2. “AI SEO Analyzer” – MoE‑Backed Content Optimizer
Leverages a 24B MoE architecture akin to Qwen 3 235B‑A22B, providing scalable keyword extraction and SERP analysis. Pair it with the Chroma DB integration for vector‑based retrieval.
3. “AI Video Generator” – Hybrid‑Attention Media Creator
Uses a hybrid model inspired by DeepSeek V3.2, mixing dense and sparse attention to handle long video scripts efficiently. Connect it to the ElevenLabs AI voice integration for lifelike narration.

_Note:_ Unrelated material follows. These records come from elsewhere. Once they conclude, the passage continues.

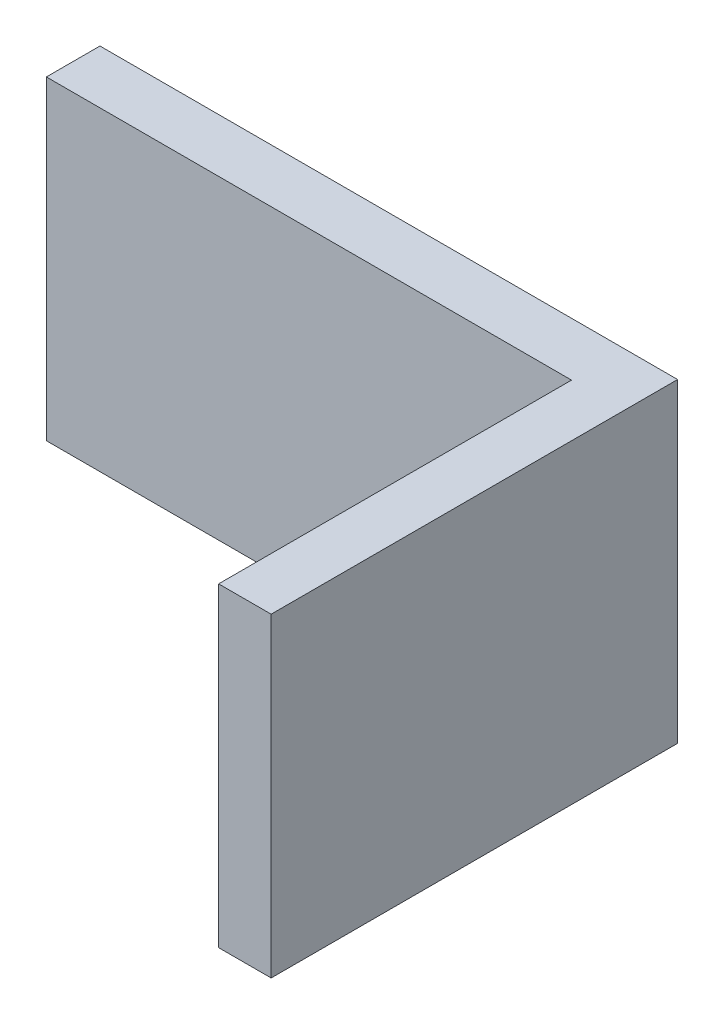
ISO-10303-21;
HEADER;
FILE_DESCRIPTION(('STEP AP214'),'2;1');
FILE_NAME('part.step','',(''),(''),'','','');
FILE_SCHEMA(('AUTOMOTIVE_DESIGN { 1 0 10303 214 1 1 1 1 }'));
ENDSEC;
DATA;
#1=APPLICATION_CONTEXT('core data for automotive mechanical design processes');
#2=APPLICATION_PROTOCOL_DEFINITION('international standard','automotive_design',2000,#1);
#3=PRODUCT_CONTEXT('',#1,'mechanical');
#4=PRODUCT('Part','Part','',(#3));
#5=PRODUCT_RELATED_PRODUCT_CATEGORY('part','',(#4));
#6=PRODUCT_DEFINITION_FORMATION('','',#4);
#7=PRODUCT_DEFINITION_CONTEXT('part definition',#1,'design');
#8=PRODUCT_DEFINITION('design','',#6,#7);
#9=PRODUCT_DEFINITION_SHAPE('','',#8);
#10=(LENGTH_UNIT() NAMED_UNIT(*) SI_UNIT(.MILLI.,.METRE.));
#11=(NAMED_UNIT(*) PLANE_ANGLE_UNIT() SI_UNIT($,.RADIAN.));
#12=(NAMED_UNIT(*) SI_UNIT($,.STERADIAN.) SOLID_ANGLE_UNIT());
#13=UNCERTAINTY_MEASURE_WITH_UNIT(LENGTH_MEASURE(1.E-05),#10,'distance_accuracy_value','');
#14=(GEOMETRIC_REPRESENTATION_CONTEXT(3) GLOBAL_UNCERTAINTY_ASSIGNED_CONTEXT((#13)) GLOBAL_UNIT_ASSIGNED_CONTEXT((#10,
#11,#12)) REPRESENTATION_CONTEXT('',''));
#15=CARTESIAN_POINT('',(0.,0.,0.));
#16=DIRECTION('',(0.,0.,1.));
#17=DIRECTION('',(1.,0.,0.));
#18=AXIS2_PLACEMENT_3D('',#15,#16,#17);
#19=CARTESIAN_POINT('',(4.55,3.9,0.));
#20=DIRECTION('',(0.,1.,0.));
#21=DIRECTION('',(0.,0.,1.));
#22=AXIS2_PLACEMENT_3D('',#19,#20,#21);
#23=PLANE('',#22);
#24=DIRECTION('',(1.,0.,0.));
#25=VECTOR('',#24,1.);
#26=CARTESIAN_POINT('',(4.,3.9,0.));
#27=LINE('',#26,#25);
#28=CARTESIAN_POINT('',(4.,3.9,0.));
#29=VERTEX_POINT('',#28);
#30=CARTESIAN_POINT('',(4.55,3.9,0.));
#31=VERTEX_POINT('',#30);
#32=EDGE_CURVE('E11',#29,#31,#27,.T.);
#33=ORIENTED_EDGE('',*,*,#32,.F.);
#34=DIRECTION('',(0.,0.,-1.));
#35=VECTOR('',#34,1.);
#36=CARTESIAN_POINT('',(4.,3.9,0.051));
#37=LINE('',#36,#35);
#38=CARTESIAN_POINT('',(4.,3.9,0.051));
#39=VERTEX_POINT('',#38);
#40=EDGE_CURVE('E24',#39,#29,#37,.T.);
#41=ORIENTED_EDGE('',*,*,#40,.F.);
#42=DIRECTION('',(-1.,0.,0.));
#43=VECTOR('',#42,1.);
#44=CARTESIAN_POINT('',(4.5,3.9,0.051));
#45=LINE('',#44,#43);
#46=CARTESIAN_POINT('',(4.5,3.9,0.051));
#47=VERTEX_POINT('',#46);
#48=EDGE_CURVE('E87',#47,#39,#45,.T.);
#49=ORIENTED_EDGE('',*,*,#48,.F.);
#50=DIRECTION('',(0.,0.,-1.));
#51=VECTOR('',#50,1.);
#52=CARTESIAN_POINT('',(4.5,3.9,0.387));
#53=LINE('',#52,#51);
#54=CARTESIAN_POINT('',(4.5,3.9,0.387));
#55=VERTEX_POINT('',#54);
#56=EDGE_CURVE('E114',#55,#47,#53,.T.);
#57=ORIENTED_EDGE('',*,*,#56,.F.);
#58=DIRECTION('',(-1.,0.,0.));
#59=VECTOR('',#58,1.);
#60=CARTESIAN_POINT('',(4.55,3.9,0.387));
#61=LINE('',#60,#59);
#62=CARTESIAN_POINT('',(4.55,3.9,0.387));
#63=VERTEX_POINT('',#62);
#64=EDGE_CURVE('E111',#63,#55,#61,.T.);
#65=ORIENTED_EDGE('',*,*,#64,.F.);
#66=DIRECTION('',(0.,0.,1.));
#67=VECTOR('',#66,1.);
#68=CARTESIAN_POINT('',(4.55,3.9,0.));
#69=LINE('',#68,#67);
#70=EDGE_CURVE('E108',#31,#63,#69,.T.);
#71=ORIENTED_EDGE('',*,*,#70,.F.);
#72=EDGE_LOOP('',(#33,#41,#49,#57,#65,#71));
#73=FACE_BOUND('',#72,.T.);
#74=ADVANCED_FACE('F17',(#73),#23,.T.);
#75=CARTESIAN_POINT('',(4.,3.6,0.));
#76=DIRECTION('',(0.,-1.,0.));
#77=DIRECTION('',(0.,0.,1.));
#78=AXIS2_PLACEMENT_3D('',#75,#76,#77);
#79=PLANE('',#78);
#80=DIRECTION('',(-1.,0.,0.));
#81=VECTOR('',#80,1.);
#82=CARTESIAN_POINT('',(4.55,3.6,0.));
#83=LINE('',#82,#81);
#84=CARTESIAN_POINT('',(4.55,3.6,0.));
#85=VERTEX_POINT('',#84);
#86=CARTESIAN_POINT('',(4.,3.6,0.));
#87=VERTEX_POINT('',#86);
#88=EDGE_CURVE('E106',#85,#87,#83,.T.);
#89=ORIENTED_EDGE('',*,*,#88,.F.);
#90=DIRECTION('',(0.,0.,-1.));
#91=VECTOR('',#90,1.);
#92=CARTESIAN_POINT('',(4.55,3.6,0.387));
#93=LINE('',#92,#91);
#94=CARTESIAN_POINT('',(4.55,3.6,0.387));
#95=VERTEX_POINT('',#94);
#96=EDGE_CURVE('E103',#95,#85,#93,.T.);
#97=ORIENTED_EDGE('',*,*,#96,.F.);
#98=DIRECTION('',(1.,0.,0.));
#99=VECTOR('',#98,1.);
#100=CARTESIAN_POINT('',(4.5,3.6,0.387));
#101=LINE('',#100,#99);
#102=CARTESIAN_POINT('',(4.5,3.6,0.387));
#103=VERTEX_POINT('',#102);
#104=EDGE_CURVE('E100',#103,#95,#101,.T.);
#105=ORIENTED_EDGE('',*,*,#104,.F.);
#106=DIRECTION('',(0.,0.,1.));
#107=VECTOR('',#106,1.);
#108=CARTESIAN_POINT('',(4.5,3.6,0.051));
#109=LINE('',#108,#107);
#110=CARTESIAN_POINT('',(4.5,3.6,0.051));
#111=VERTEX_POINT('',#110);
#112=EDGE_CURVE('E72',#111,#103,#109,.T.);
#113=ORIENTED_EDGE('',*,*,#112,.F.);
#114=DIRECTION('',(1.,0.,0.));
#115=VECTOR('',#114,1.);
#116=CARTESIAN_POINT('',(4.,3.6,0.051));
#117=LINE('',#116,#115);
#118=CARTESIAN_POINT('',(4.,3.6,0.051));
#119=VERTEX_POINT('',#118);
#120=EDGE_CURVE('E66',#119,#111,#117,.T.);
#121=ORIENTED_EDGE('',*,*,#120,.F.);
#122=DIRECTION('',(0.,0.,1.));
#123=VECTOR('',#122,1.);
#124=CARTESIAN_POINT('',(4.,3.6,0.));
#125=LINE('',#124,#123);
#126=EDGE_CURVE('E69',#87,#119,#125,.T.);
#127=ORIENTED_EDGE('',*,*,#126,.F.);
#128=EDGE_LOOP('',(#89,#97,#105,#113,#121,#127));
#129=FACE_BOUND('',#128,.T.);
#130=ADVANCED_FACE('F68',(#129),#79,.T.);
#131=CARTESIAN_POINT('',(4.55,3.9,0.387));
#132=DIRECTION('',(0.,0.,1.));
#133=DIRECTION('',(0.,1.,0.));
#134=AXIS2_PLACEMENT_3D('',#131,#132,#133);
#135=PLANE('',#134);
#136=ORIENTED_EDGE('',*,*,#64,.T.);
#137=DIRECTION('',(0.,1.,0.));
#138=VECTOR('',#137,1.);
#139=CARTESIAN_POINT('',(4.5,3.6,0.387));
#140=LINE('',#139,#138);
#141=EDGE_CURVE('E83',#103,#55,#140,.T.);
#142=ORIENTED_EDGE('',*,*,#141,.F.);
#143=ORIENTED_EDGE('',*,*,#104,.T.);
#144=DIRECTION('',(0.,-1.,0.));
#145=VECTOR('',#144,1.);
#146=CARTESIAN_POINT('',(4.55,3.9,0.387));
#147=LINE('',#146,#145);
#148=EDGE_CURVE('E88',#63,#95,#147,.T.);
#149=ORIENTED_EDGE('',*,*,#148,.F.);
#150=EDGE_LOOP('',(#136,#142,#143,#149));
#151=FACE_BOUND('',#150,.T.);
#152=ADVANCED_FACE('F125',(#151),#135,.T.);
#153=CARTESIAN_POINT('',(4.5,3.9,0.051));
#154=DIRECTION('',(0.,0.,1.));
#155=DIRECTION('',(0.,1.,0.));
#156=AXIS2_PLACEMENT_3D('',#153,#154,#155);
#157=PLANE('',#156);
#158=ORIENTED_EDGE('',*,*,#48,.T.);
#159=DIRECTION('',(0.,1.,0.));
#160=VECTOR('',#159,1.);
#161=CARTESIAN_POINT('',(4.,3.6,0.051));
#162=LINE('',#161,#160);
#163=EDGE_CURVE('E81',#119,#39,#162,.T.);
#164=ORIENTED_EDGE('',*,*,#163,.F.);
#165=ORIENTED_EDGE('',*,*,#120,.T.);
#166=DIRECTION('',(0.,-1.,0.));
#167=VECTOR('',#166,1.);
#168=CARTESIAN_POINT('',(4.5,3.9,0.051));
#169=LINE('',#168,#167);
#170=EDGE_CURVE('E89',#47,#111,#169,.T.);
#171=ORIENTED_EDGE('',*,*,#170,.F.);
#172=EDGE_LOOP('',(#158,#164,#165,#171));
#173=FACE_BOUND('',#172,.T.);
#174=ADVANCED_FACE('F86',(#173),#157,.T.);
#175=CARTESIAN_POINT('',(4.55,3.6,0.));
#176=DIRECTION('',(1.,0.,0.));
#177=DIRECTION('',(0.,0.,1.));
#178=AXIS2_PLACEMENT_3D('',#175,#176,#177);
#179=PLANE('',#178);
#180=DIRECTION('',(0.,-1.,0.));
#181=VECTOR('',#180,1.);
#182=CARTESIAN_POINT('',(4.55,3.9,0.));
#183=LINE('',#182,#181);
#184=EDGE_CURVE('E93',#31,#85,#183,.T.);
#185=ORIENTED_EDGE('',*,*,#184,.F.);
#186=ORIENTED_EDGE('',*,*,#70,.T.);
#187=ORIENTED_EDGE('',*,*,#148,.T.);
#188=ORIENTED_EDGE('',*,*,#96,.T.);
#189=EDGE_LOOP('',(#185,#186,#187,#188));
#190=FACE_BOUND('',#189,.T.);
#191=ADVANCED_FACE('F121',(#190),#179,.T.);
#192=CARTESIAN_POINT('',(4.,3.9,0.));
#193=DIRECTION('',(-1.,0.,0.));
#194=DIRECTION('',(0.,0.,1.));
#195=AXIS2_PLACEMENT_3D('',#192,#193,#194);
#196=PLANE('',#195);
#197=DIRECTION('',(0.,1.,0.));
#198=VECTOR('',#197,1.);
#199=CARTESIAN_POINT('',(4.,3.6,0.));
#200=LINE('',#199,#198);
#201=EDGE_CURVE('E82',#87,#29,#200,.T.);
#202=ORIENTED_EDGE('',*,*,#201,.F.);
#203=ORIENTED_EDGE('',*,*,#126,.T.);
#204=ORIENTED_EDGE('',*,*,#163,.T.);
#205=ORIENTED_EDGE('',*,*,#40,.T.);
#206=EDGE_LOOP('',(#202,#203,#204,#205));
#207=FACE_BOUND('',#206,.T.);
#208=ADVANCED_FACE('F80',(#207),#196,.T.);
#209=CARTESIAN_POINT('',(4.5,3.9,0.051));
#210=DIRECTION('',(-1.,0.,0.));
#211=DIRECTION('',(0.,0.,1.));
#212=AXIS2_PLACEMENT_3D('',#209,#210,#211);
#213=PLANE('',#212);
#214=ORIENTED_EDGE('',*,*,#170,.T.);
#215=ORIENTED_EDGE('',*,*,#112,.T.);
#216=ORIENTED_EDGE('',*,*,#141,.T.);
#217=ORIENTED_EDGE('',*,*,#56,.T.);
#218=EDGE_LOOP('',(#214,#215,#216,#217));
#219=FACE_BOUND('',#218,.T.);
#220=ADVANCED_FACE('F127',(#219),#213,.T.);
#221=CARTESIAN_POINT('',(4.55,3.6,0.));
#222=DIRECTION('',(0.,0.,-1.));
#223=DIRECTION('',(0.,1.,0.));
#224=AXIS2_PLACEMENT_3D('',#221,#222,#223);
#225=PLANE('',#224);
#226=ORIENTED_EDGE('',*,*,#88,.T.);
#227=ORIENTED_EDGE('',*,*,#201,.T.);
#228=ORIENTED_EDGE('',*,*,#32,.T.);
#229=ORIENTED_EDGE('',*,*,#184,.T.);
#230=EDGE_LOOP('',(#226,#227,#228,#229));
#231=FACE_BOUND('',#230,.T.);
#232=ADVANCED_FACE('F117',(#231),#225,.T.);
#233=CLOSED_SHELL('',(#74,#130,#152,#174,#191,#208,#220,#232));
#234=MANIFOLD_SOLID_BREP('B1',#233);
#235=ADVANCED_BREP_SHAPE_REPRESENTATION('',(#18,#234),#14);
#236=SHAPE_DEFINITION_REPRESENTATION(#9,#235);
ENDSEC;
END-ISO-10303-21;

All three templates are ready to deploy via the Web app editor on UBOS, and you can automate workflows with the Workflow automation studio.
Pricing & Support – Making Cutting‑Edge LLMs Affordable
UBOS offers transparent pricing plans that scale with usage. For research labs, the “Academic” tier includes free access to the full MoE catalog, while enterprises can negotiate custom SLAs through the UBOS partner program.
Real‑World Success Stories
Explore the UBOS portfolio examples to see how companies have turned LLM architecture insights into revenue‑generating products:
- A fintech startup used the “AI Article Copywriter” template (AI Article Copywriter) to generate compliance‑ready reports 3× faster.
- A media agency deployed the “AI YouTube Comment Analysis tool” (AI YouTube Comment Analysis tool) built on a dense‑decoder model for real‑time sentiment tracking.
- An e‑learning platform integrated the “AI Video Generator” template with ElevenLabs voice to produce multilingual tutorials, leveraging hybrid attention for long‑form script handling.
Future Directions: What’s Next for LLM Architecture?
The gallery’s latest entries (e.g., Ling 2.5 1T and Qwen 3.5 397B) hint at two converging trends:
- Long‑Context Efficiency: Lightning and DeltaNet attention mechanisms will dominate as applications demand >100k token windows (e.g., code review, legal document analysis).
- Modular Expert Routing: Future MoE designs will expose per‑task expert selection APIs, enabling dynamic composition of reasoning, translation, and vision experts within a single model.
UBOS is already experimenting with a AI‑Powered VR Fitness Idea Generator that swaps experts on‑the‑fly based on user activity, showcasing the practical potential of modular routing.
Take Action – Explore, Build, and Contribute
If you’re a researcher eager to benchmark a new attention variant, a developer looking for a ready‑made MoE pipeline, or a business leader seeking cost‑effective LLM deployment, the LLM Architecture Gallery combined with UBOS’s ecosystem gives you a clear path forward.
Start by browsing the AI news section for the latest updates, then dive into the technology updates to see how UBOS continuously aligns its platform with emerging architectures.
Ready to prototype? Visit the UBOS homepage, pick a template that matches your target architecture, and launch your AI‑powered product in minutes.
Stay ahead of the curve—let the LLM Architecture Gallery be your compass, and let UBOS be the engine that turns architectural insight into real‑world impact.